Four reasons this vulnerability hides from line-by-line review

  • Prototype pollution requires understanding the full JavaScript prototype chain. A reviewer looking at setByPath() in isolation sees a utility function that sets nested object properties — a normal and common pattern. The vulnerability only emerges when the path can reach Object.prototype through __proto__.
  • The attack surface is in a dependency's utility function. The vulnerable code is in @casl/ability itself, not in application code. App-level reviewers typically trust library code and focus on their own authorization logic.
  • No obvious attacker-controlled input in the function signature. setByPath(obj, path, value) takes a path string — reviewers don't immediately see how user input flows to this function. Understanding the call chain (rulesToFields() → attacker-controlled conditions) is required.
  • Prototype pollution has no visible runtime effect until authorization checks run. The polluted Object.prototype doesn't throw an exception — it silently changes CASL's type resolution behavior. The application appears to work fine while being completely compromised.

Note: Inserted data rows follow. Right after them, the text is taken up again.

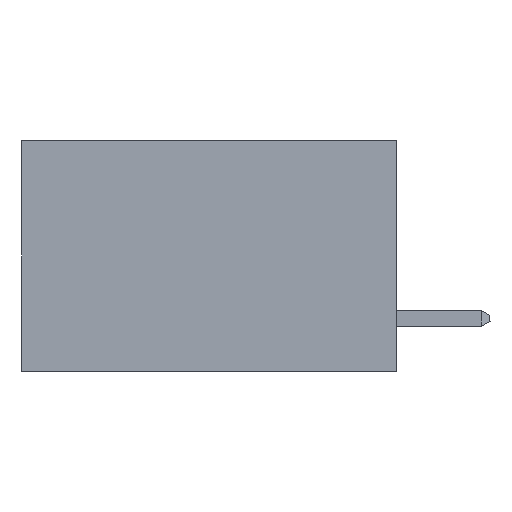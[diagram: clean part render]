
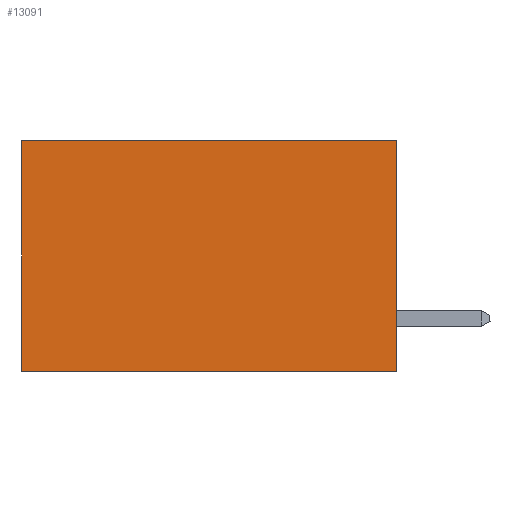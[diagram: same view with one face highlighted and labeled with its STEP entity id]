
A CAD part, left-side view. The second image highlights one B-rep face of the part: STEP entity #13091.
In plain terms, the highlighted planar face has unit normal (-1, 0, 0).
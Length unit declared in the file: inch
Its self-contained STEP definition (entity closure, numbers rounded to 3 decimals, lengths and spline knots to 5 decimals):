
#37 = VECTOR ( 'NONE', #13912, 39.37008 ) ;
#1057 = FACE_OUTER_BOUND ( 'NONE', #15998, .T. ) ;
#1260 = CARTESIAN_POINT ( 'NONE',  ( 0.298, 0., 0. ) ) ;
#1508 = AXIS2_PLACEMENT_3D ( 'NONE', #1260, #2776, #13324 ) ;
#1609 = CARTESIAN_POINT ( 'NONE',  ( 0.298, 0., -0.37 ) ) ;
#2776 = DIRECTION ( 'NONE',  ( 1., 0., 0. ) ) ;
#4149 = EDGE_CURVE ( 'NONE', #13246, #18327, #8076, .T. ) ;
#4647 = EDGE_CURVE ( 'NONE', #5952, #13246, #7583, .T. ) ;
#4832 = DIRECTION ( 'NONE',  ( 0., 0., -1. ) ) ;
#4840 = DIRECTION ( 'NONE',  ( 0., 1., 0. ) ) ;
#5040 = ORIENTED_EDGE ( 'NONE', *, *, #16330, .T. ) ;
#5952 = VERTEX_POINT ( 'NONE', #13583 ) ;
#7005 = CARTESIAN_POINT ( 'NONE',  ( 0.298, 0.6, -0.37 ) ) ;
#7164 = LINE ( 'NONE', #18260, #15057 ) ;
#7583 = LINE ( 'NONE', #11551, #14570 ) ;
#7847 = CARTESIAN_POINT ( 'NONE',  ( 0.298, 0., 0. ) ) ;
#8076 = LINE ( 'NONE', #13908, #37 ) ;
#8117 = VERTEX_POINT ( 'NONE', #11660 ) ;
#8822 = ORIENTED_EDGE ( 'NONE', *, *, #8954, .T. ) ;
#8954 = EDGE_CURVE ( 'NONE', #8117, #18327, #7164, .T. ) ;
#10352 = PLANE ( 'NONE',  #1508 ) ;
#10755 = ORIENTED_EDGE ( 'NONE', *, *, #4149, .F. ) ;
#10857 = DIRECTION ( 'NONE',  ( 0., 0., -1. ) ) ;
#11551 = CARTESIAN_POINT ( 'NONE',  ( 0.298, 0., 0. ) ) ;
#11660 = CARTESIAN_POINT ( 'NONE',  ( 0.298, 0.6, 0. ) ) ;
#11929 = LINE ( 'NONE', #7847, #18786 ) ;
#13091 = ADVANCED_FACE ( 'NONE', ( #1057 ), #10352, .F. ) ;
#13246 = VERTEX_POINT ( 'NONE', #1609 ) ;
#13324 = DIRECTION ( 'NONE',  ( 0., 0., -1. ) ) ;
#13338 = ORIENTED_EDGE ( 'NONE', *, *, #4647, .F. ) ;
#13583 = CARTESIAN_POINT ( 'NONE',  ( 0.298, 0., 0. ) ) ;
#13908 = CARTESIAN_POINT ( 'NONE',  ( 0.298, 0., -0.37 ) ) ;
#13912 = DIRECTION ( 'NONE',  ( 0., 1., 0. ) ) ;
#14570 = VECTOR ( 'NONE', #10857, 39.37008 ) ;
#15057 = VECTOR ( 'NONE', #4832, 39.37008 ) ;
#15998 = EDGE_LOOP ( 'NONE', ( #8822, #10755, #13338, #5040 ) ) ;
#16330 = EDGE_CURVE ( 'NONE', #5952, #8117, #11929, .T. ) ;
#18260 = CARTESIAN_POINT ( 'NONE',  ( 0.298, 0.6, 0. ) ) ;
#18327 = VERTEX_POINT ( 'NONE', #7005 ) ;
#18786 = VECTOR ( 'NONE', #4840, 39.37008 ) ;

What makes this a PullLight-specialized catch

  • Prototype chain modeling: PullLight understands JavaScript's prototype chain and can identify when __proto__ path segments in object-walking functions can reach Object.prototype.
  • Authorization library vulnerability mapping: PullLight cross-references known vulnerable patterns in CASL (@casl/ability) against the actual code paths used in the PR diff.
  • CVSS 9.8 severity calibration: PullLight correctly identifies the impact chain: prototype pollution → type resolution misidentification → global auth bypass.
  • Fix precision: PullLight identifies the specific fix (FORBIDDEN_PROPERTIES blocklist in setByPath) rather than vague "sanitize inputs" advice.

Feb 10, 2026 GitHub Security Advisory GHSA-x9vf-53q3-cvx6 published. @casl/ability 6.7.5 released with patch. CVE-2026-1774 assigned by MITRE.
Feb 11, 2026 CVE-2026-1774 added to NVD. CVSS 9.8 confirmed. Vector: CVSS:3.1/AV:N/AC:L/PR:L/UI:N/S:C/C:H/I:H/A:H. CWE-1321.
Feb 12+, 2026 Alma Security and other security scanners begin covering CVE-2026-1774. npm advisory updated.
Jun 2026 PullLight documents CVE-2026-1774 as 12th CVE case study — demonstrating prototype pollution detection in PR review.